Extended Data Fig. 3: Interneuron firing properties remain overall stable across days and over training.
From: Voltage imaging reveals hippocampal inhibitory dynamics shaping pyramidal memory-encoding sequences

a. Example PV cell recorded for 5 consecutive imaging sessions, plotted as in Fig. 3. Dashed lines: significant field over a specific odor (line covers corresponding trials) or through both odors (Day 4). b. Progression of firing peak time bins across days for PV (left) and SST cells (right) recorded across multiple sessions. Gray: Non-odor-specific fields. Yellow, green: odor A- or odor B-specific fields, respectively. Open circles: nonsignificant peaks. Lines connect a cell’s progression. c. Progression of odor selectivity index across days, displayed as in b (sessions on x axis). d. Odor-decoding accuracy of SVM decoders trained on odor-specific cells, non-odor-specific cells, or no-field cells, during odor-presentation, in naïve (top) and trained sessions (bottom), plotted as in Fig. 2n. e–g. Progression of average firing rate (e), theta power (f) and phase locking strength (mean vector length; g) across all trials, as in c (field-type not displayed).
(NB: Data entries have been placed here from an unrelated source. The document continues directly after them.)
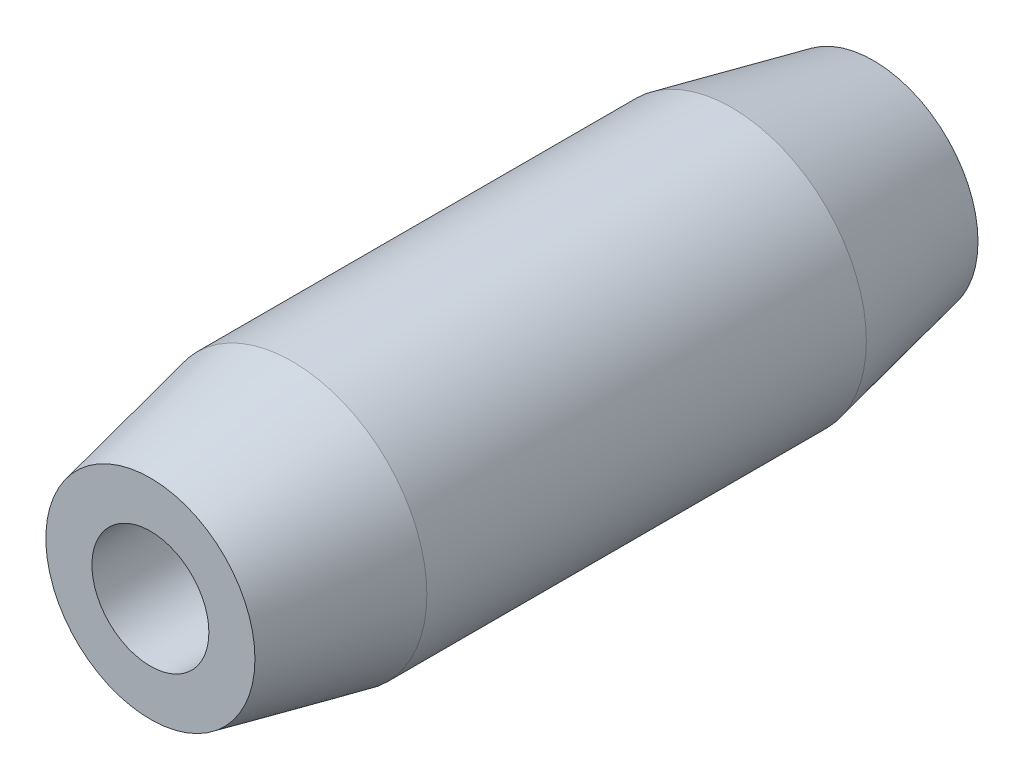
ISO-10303-21;
HEADER;
FILE_DESCRIPTION(('STEP AP214'),'2;1');
FILE_NAME('part.step','',(''),(''),'','','');
FILE_SCHEMA(('AUTOMOTIVE_DESIGN { 1 0 10303 214 1 1 1 1 }'));
ENDSEC;
DATA;
#1=APPLICATION_CONTEXT('core data for automotive mechanical design processes');
#2=APPLICATION_PROTOCOL_DEFINITION('international standard','automotive_design',2000,#1);
#3=PRODUCT_CONTEXT('',#1,'mechanical');
#4=PRODUCT('Part','Part','',(#3));
#5=PRODUCT_RELATED_PRODUCT_CATEGORY('part','',(#4));
#6=PRODUCT_DEFINITION_FORMATION('','',#4);
#7=PRODUCT_DEFINITION_CONTEXT('part definition',#1,'design');
#8=PRODUCT_DEFINITION('design','',#6,#7);
#9=PRODUCT_DEFINITION_SHAPE('','',#8);
#10=(LENGTH_UNIT() NAMED_UNIT(*) SI_UNIT(.MILLI.,.METRE.));
#11=(NAMED_UNIT(*) PLANE_ANGLE_UNIT() SI_UNIT($,.RADIAN.));
#12=(NAMED_UNIT(*) SI_UNIT($,.STERADIAN.) SOLID_ANGLE_UNIT());
#13=UNCERTAINTY_MEASURE_WITH_UNIT(LENGTH_MEASURE(1.E-05),#10,'distance_accuracy_value','');
#14=(GEOMETRIC_REPRESENTATION_CONTEXT(3) GLOBAL_UNCERTAINTY_ASSIGNED_CONTEXT((#13)) GLOBAL_UNIT_ASSIGNED_CONTEXT((#10,
#11,#12)) REPRESENTATION_CONTEXT('',''));
#15=CARTESIAN_POINT('',(0.,0.,0.));
#16=DIRECTION('',(0.,0.,1.));
#17=DIRECTION('',(1.,0.,0.));
#18=AXIS2_PLACEMENT_3D('',#15,#16,#17);
#19=CARTESIAN_POINT('',(0.,0.,20.4));
#20=DIRECTION('',(0.,0.,1.));
#21=DIRECTION('',(1.,0.,0.));
#22=AXIS2_PLACEMENT_3D('',#19,#20,#21);
#23=PLANE('',#22);
#24=CARTESIAN_POINT('',(0.,0.,20.4));
#25=DIRECTION('',(0.,0.,1.));
#26=DIRECTION('',(1.,0.,0.));
#27=AXIS2_PLACEMENT_3D('',#24,#25,#26);
#28=CIRCLE('',#27,2.94977375331991);
#29=CARTESIAN_POINT('',(2.94977375331991,0.,20.4));
#30=VERTEX_POINT('',#29);
#31=EDGE_CURVE('E48',#30,#30,#28,.T.);
#32=ORIENTED_EDGE('',*,*,#31,.T.);
#33=EDGE_LOOP('',(#32));
#34=FACE_BOUND('',#33,.T.);
#35=CARTESIAN_POINT('',(0.,0.,20.4));
#36=DIRECTION('',(0.,0.,1.));
#37=DIRECTION('',(1.,0.,0.));
#38=AXIS2_PLACEMENT_3D('',#35,#36,#37);
#39=CIRCLE('',#38,1.65);
#40=CARTESIAN_POINT('',(1.65,0.,20.4));
#41=VERTEX_POINT('',#40);
#42=EDGE_CURVE('E53',#41,#41,#39,.T.);
#43=ORIENTED_EDGE('',*,*,#42,.F.);
#44=EDGE_LOOP('',(#43));
#45=FACE_BOUND('',#44,.T.);
#46=ADVANCED_FACE('F33',(#34,#45),#23,.T.);
#47=CARTESIAN_POINT('',(0.,0.,0.));
#48=DIRECTION('',(0.,0.,1.));
#49=DIRECTION('',(1.,0.,0.));
#50=AXIS2_PLACEMENT_3D('',#47,#48,#49);
#51=PLANE('',#50);
#52=CARTESIAN_POINT('',(0.,0.,0.));
#53=DIRECTION('',(0.,0.,1.));
#54=DIRECTION('',(1.,0.,0.));
#55=AXIS2_PLACEMENT_3D('',#52,#53,#54);
#56=CIRCLE('',#55,2.94977375331991);
#57=CARTESIAN_POINT('',(2.94977375331991,0.,0.));
#58=VERTEX_POINT('',#57);
#59=EDGE_CURVE('E10',#58,#58,#56,.F.);
#60=ORIENTED_EDGE('',*,*,#59,.T.);
#61=EDGE_LOOP('',(#60));
#62=FACE_BOUND('',#61,.T.);
#63=CARTESIAN_POINT('',(0.,0.,0.));
#64=DIRECTION('',(0.,0.,1.));
#65=DIRECTION('',(1.,0.,0.));
#66=AXIS2_PLACEMENT_3D('',#63,#64,#65);
#67=CIRCLE('',#66,1.65);
#68=CARTESIAN_POINT('',(1.65,0.,0.));
#69=VERTEX_POINT('',#68);
#70=EDGE_CURVE('E54',#69,#69,#67,.T.);
#71=ORIENTED_EDGE('',*,*,#70,.T.);
#72=EDGE_LOOP('',(#71));
#73=FACE_BOUND('',#72,.T.);
#74=ADVANCED_FACE('F67',(#62,#73),#51,.F.);
#75=CARTESIAN_POINT('',(0.,0.,20.4));
#76=DIRECTION('',(0.,0.,-1.));
#77=DIRECTION('',(-1.,0.,0.));
#78=AXIS2_PLACEMENT_3D('',#75,#76,#77);
#79=CYLINDRICAL_SURFACE('',#78,3.8);
#80=CARTESIAN_POINT('',(0.,0.,4.00000000000007));
#81=DIRECTION('',(0.,0.,1.));
#82=DIRECTION('',(1.,0.,0.));
#83=AXIS2_PLACEMENT_3D('',#80,#81,#82);
#84=CIRCLE('',#83,3.8);
#85=CARTESIAN_POINT('',(3.8,0.,4.00000000000007));
#86=VERTEX_POINT('',#85);
#87=EDGE_CURVE('E40',#86,#86,#84,.T.);
#88=ORIENTED_EDGE('',*,*,#87,.T.);
#89=EDGE_LOOP('',(#88));
#90=FACE_BOUND('',#89,.T.);
#91=CARTESIAN_POINT('',(0.,0.,16.3999999999999));
#92=DIRECTION('',(0.,0.,1.));
#93=DIRECTION('',(1.,0.,0.));
#94=AXIS2_PLACEMENT_3D('',#91,#92,#93);
#95=CIRCLE('',#94,3.8);
#96=CARTESIAN_POINT('',(3.8,0.,16.3999999999999));
#97=VERTEX_POINT('',#96);
#98=EDGE_CURVE('E44',#97,#97,#95,.F.);
#99=ORIENTED_EDGE('',*,*,#98,.T.);
#100=EDGE_LOOP('',(#99));
#101=FACE_BOUND('',#100,.T.);
#102=ADVANCED_FACE('F73',(#90,#101),#79,.T.);
#103=CARTESIAN_POINT('',(0.,0.,20.4));
#104=DIRECTION('',(0.,0.,-1.));
#105=DIRECTION('',(-1.,0.,0.));
#106=AXIS2_PLACEMENT_3D('',#103,#104,#105);
#107=CYLINDRICAL_SURFACE('',#106,1.65);
#108=ORIENTED_EDGE('',*,*,#42,.T.);
#109=EDGE_LOOP('',(#108));
#110=FACE_BOUND('',#109,.T.);
#111=ORIENTED_EDGE('',*,*,#70,.F.);
#112=EDGE_LOOP('',(#111));
#113=FACE_BOUND('',#112,.T.);
#114=ADVANCED_FACE('F63',(#110,#113),#107,.F.);
#115=CARTESIAN_POINT('',(0.,0.,20.4));
#116=DIRECTION('',(0.,0.,-1.));
#117=DIRECTION('',(-1.,0.,0.));
#118=AXIS2_PLACEMENT_3D('',#115,#116,#117);
#119=CONICAL_SURFACE('',#118,2.94977375331991,0.209439510239316);
#120=ORIENTED_EDGE('',*,*,#98,.F.);
#121=EDGE_LOOP('',(#120));
#122=FACE_BOUND('',#121,.T.);
#123=ORIENTED_EDGE('',*,*,#31,.F.);
#124=EDGE_LOOP('',(#123));
#125=FACE_BOUND('',#124,.T.);
#126=ADVANCED_FACE('F78',(#122,#125),#119,.T.);
#127=CARTESIAN_POINT('',(0.,0.,4.00000000000007));
#128=DIRECTION('',(0.,0.,1.));
#129=DIRECTION('',(1.,0.,0.));
#130=AXIS2_PLACEMENT_3D('',#127,#128,#129);
#131=CONICAL_SURFACE('',#130,3.8,0.209439510239316);
#132=ORIENTED_EDGE('',*,*,#59,.F.);
#133=EDGE_LOOP('',(#132));
#134=FACE_BOUND('',#133,.T.);
#135=ORIENTED_EDGE('',*,*,#87,.F.);
#136=EDGE_LOOP('',(#135));
#137=FACE_BOUND('',#136,.T.);
#138=ADVANCED_FACE('F35',(#134,#137),#131,.T.);
#139=CLOSED_SHELL('',(#46,#74,#102,#114,#126,#138));
#140=MANIFOLD_SOLID_BREP('B2',#139);
#141=ADVANCED_BREP_SHAPE_REPRESENTATION('',(#18,#140),#14);
#142=SHAPE_DEFINITION_REPRESENTATION(#9,#141);
ENDSEC;
END-ISO-10303-21;

Right: Mean ± SE for last naïve vs first trained session and for every X vs X + 1 trained session. * P = 0.0068, paired-sample two-sided t-test (distributions of PV and SST cells were pooled for this comparison; n = 11. P > 0.05 for all other comparisons). h. From top: Evolution of mean locomotion per session, mean firing rate per cell over all trials, theta power and theta modulation of spiking (vector length) per cell across PV-Cre mice and PV cells (left) or SST-Cre mice and SST cells (right), plotted as in Fig. 3i, j. For PV: n = 31 vs 73 recordings, 31 vs 76 cells; from top: P = 9.44 × 10−10, 0.218, 0.0146, 0.0152; two-sided WT. For SST: n = 35 vs 49 recordings, 36 vs 51 cells; from top: P = 1.23 × 10−11, 0.0123, 0.466, 0.543 for SST.